Architizer News
Seattle Architects Design First U.S. Office Building Without A Carbon Footprint, Break The Law While Doing So
January 22, 2013
When the Bullitt Center opens in Seattle in April, this all-renewables net-zero powerhouse designed by Miller Hull will be able to sustain itself rain and shine. With solar arrays, aggressive rainwater collection, and composting toilets, the new headquarters for the Bullitt Foundation—which supports sustainable development in the Pacific Northwest—will be on track to meet the Living Building Challenge. As the most stringent green standard around, the challenge requires 100 percent in everything that counts: namely, 100 percent of energy needs met with on-site renewables, 100 percent of water supplied by on-site rainwater collection, and on-site waste management. But if the architects succeed, they may run afoul of the law. Read more!

Miller Hull designed the Bullitt Center’s structure for a 250-year life span, using concrete, steel, and FSC-certified heavy timber.
“If you really want to build a green building today in any city in the United States, you’ll find yourself in violation of maybe two dozen regulations and laws,” Bullitt Foundation president Denis Hayes quips in a video about the building. In Washington, it’s illegal to take what is arguably Seattle’s most abundant renewable resource—rain—and filter it for drinking. The Bullitt Center will use its treated rainwater for graywater until that law changes, at which point the building’s cistern would begin pumping collected rainwater through a green roof and into an ultraviolet filtration system for disinfecting, then finally to sinks, water fountains, and about a hundred Klean Kanteens.

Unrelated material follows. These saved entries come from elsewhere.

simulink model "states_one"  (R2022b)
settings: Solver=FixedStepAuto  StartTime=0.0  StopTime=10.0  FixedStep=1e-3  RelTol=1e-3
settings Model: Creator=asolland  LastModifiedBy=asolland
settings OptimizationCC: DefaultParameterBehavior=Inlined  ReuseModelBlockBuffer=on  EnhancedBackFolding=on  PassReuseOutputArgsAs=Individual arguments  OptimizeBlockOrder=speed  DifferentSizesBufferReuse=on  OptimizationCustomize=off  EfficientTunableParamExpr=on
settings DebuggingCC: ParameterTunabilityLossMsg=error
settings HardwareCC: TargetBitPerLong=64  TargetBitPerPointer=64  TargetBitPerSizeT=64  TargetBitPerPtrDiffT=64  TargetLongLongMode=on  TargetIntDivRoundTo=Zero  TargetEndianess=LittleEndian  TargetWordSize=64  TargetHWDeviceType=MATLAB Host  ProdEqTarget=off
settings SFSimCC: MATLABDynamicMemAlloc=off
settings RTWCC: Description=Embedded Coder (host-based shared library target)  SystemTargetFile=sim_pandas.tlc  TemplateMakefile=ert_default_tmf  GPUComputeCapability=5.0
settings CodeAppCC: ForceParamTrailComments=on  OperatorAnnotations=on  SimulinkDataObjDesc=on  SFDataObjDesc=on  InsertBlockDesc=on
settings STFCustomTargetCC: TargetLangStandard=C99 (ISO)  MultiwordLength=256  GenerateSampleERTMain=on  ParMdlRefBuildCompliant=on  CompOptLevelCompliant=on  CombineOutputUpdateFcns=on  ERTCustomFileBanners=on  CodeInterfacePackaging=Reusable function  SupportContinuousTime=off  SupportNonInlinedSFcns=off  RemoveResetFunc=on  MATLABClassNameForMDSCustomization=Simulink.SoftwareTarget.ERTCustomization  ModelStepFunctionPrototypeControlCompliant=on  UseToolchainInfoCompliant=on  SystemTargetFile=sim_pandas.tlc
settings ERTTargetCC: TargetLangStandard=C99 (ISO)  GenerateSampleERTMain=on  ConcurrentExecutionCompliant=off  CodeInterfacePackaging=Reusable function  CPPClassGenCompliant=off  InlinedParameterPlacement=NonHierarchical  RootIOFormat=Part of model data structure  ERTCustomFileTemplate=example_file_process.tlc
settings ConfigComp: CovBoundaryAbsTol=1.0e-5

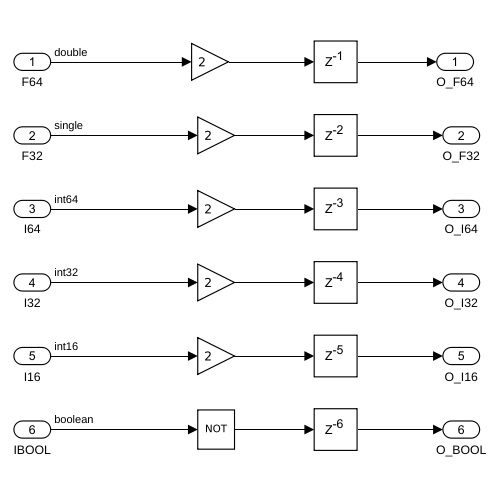
[thumbnail: Simulink's stored preview of the top-level diagram]
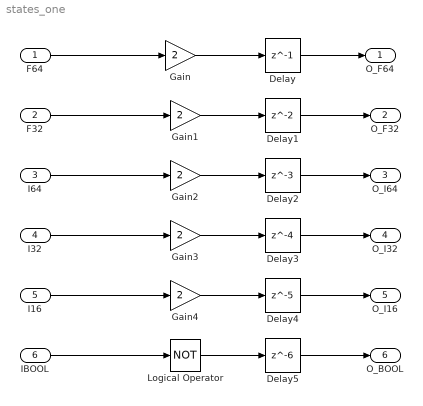
== system states_one ==
  F64 : Inport  OutDataTypeStr=double
  F32 : Inport  Port=2  OutDataTypeStr=single
  I64 : Inport  Port=3  OutDataTypeStr=int64
  I32 : Inport  Port=4  OutDataTypeStr=int32
  I16 : Inport  Port=5  OutDataTypeStr=int16
  IBOOL : Inport  Port=6  OutDataTypeStr=boolean
  Delay : Delay  DelayLength=1
  Delay1 : Delay
  Delay2 : Delay  DelayLength=3
  Delay3 : Delay  DelayLength=4
  Delay4 : Delay  DelayLength=5
  Delay5 : Delay  DelayLength=6
  Gain{,1..4} (5 alike) : Gain  Gain=2  OutDataTypeStr=Inherit: Same as input  ParamDataTypeStr=Inherit: Same as input
  Logical Operator : Logic  Operator=NOT  AllPortsSameDT=off  OutDataTypeStr=boolean
  O_F64 : Outport
  O_F32 : Outport  Port=2
  O_I64 : Outport  Port=3
  O_I32 : Outport  Port=4
  O_I16 : Outport  Port=5
  O_BOOL : Outport  Port=6
  wires:
  F64/1 -> Gain/1
  Gain/1 -> Delay/1
  Gain1/1 -> Delay1/1
  F32/1 -> Gain1/1
  Gain2/1 -> Delay2/1
  Gain3/1 -> Delay3/1
  Gain4/1 -> Delay4/1
  I64/1 -> Gain2/1
  I32/1 -> Gain3/1
  I16/1 -> Gain4/1
  IBOOL/1 -> Logical Operator/1
  Logical Operator/1 -> Delay5/1
  Delay/1 -> O_F64/1
  Delay1/1 -> O_F32/1
  Delay2/1 -> O_I64/1
  Delay3/1 -> O_I32/1
  Delay4/1 -> O_I16/1
  Delay5/1 -> O_BOOL/1

In addition to serving as the foundation’s headquarters, the Bullitt Center will lease space to other green initiatives, including the University of Washington Integrated Design Lab and the International Living Future Institute, which administers the Living Building Challenge.
To power a six-story, 52,000-square-foot project with only rooftop PVs, the architects had to bring the building’s energy needs down to what the solar arrays can produce: about 230,000 kilowatt-hours per year. They maximized the glazing on the north and south sides to capture the most light and boosted performance with mechanized features like automated retractable blinds to block glare and heat gain, as well as windows that automatically open and close to optimize natural ventilation. But the building will rely on occupants to watch their behavior, too. Tenants will have an energy budget and keep track of plug loads and other metrics through a central dashboard that will be accessible online. In one clever power-saving move, the architects added an “irresistible staircase”—an outside firestair that doubles as a vertical promenade with the building’s best views—to give those chronic single-floor elevator riders a reason to hoof it instead.

“Our whole purpose is to be an instrument of change, ” Hayes adds, “and to use this building not just to influence developers and architects, but also the bankers who finance all of these things, the city governments that set up the codes that make living buildings illegal almost every place in the world—all of the people who are involved in making these kinds of decisions.”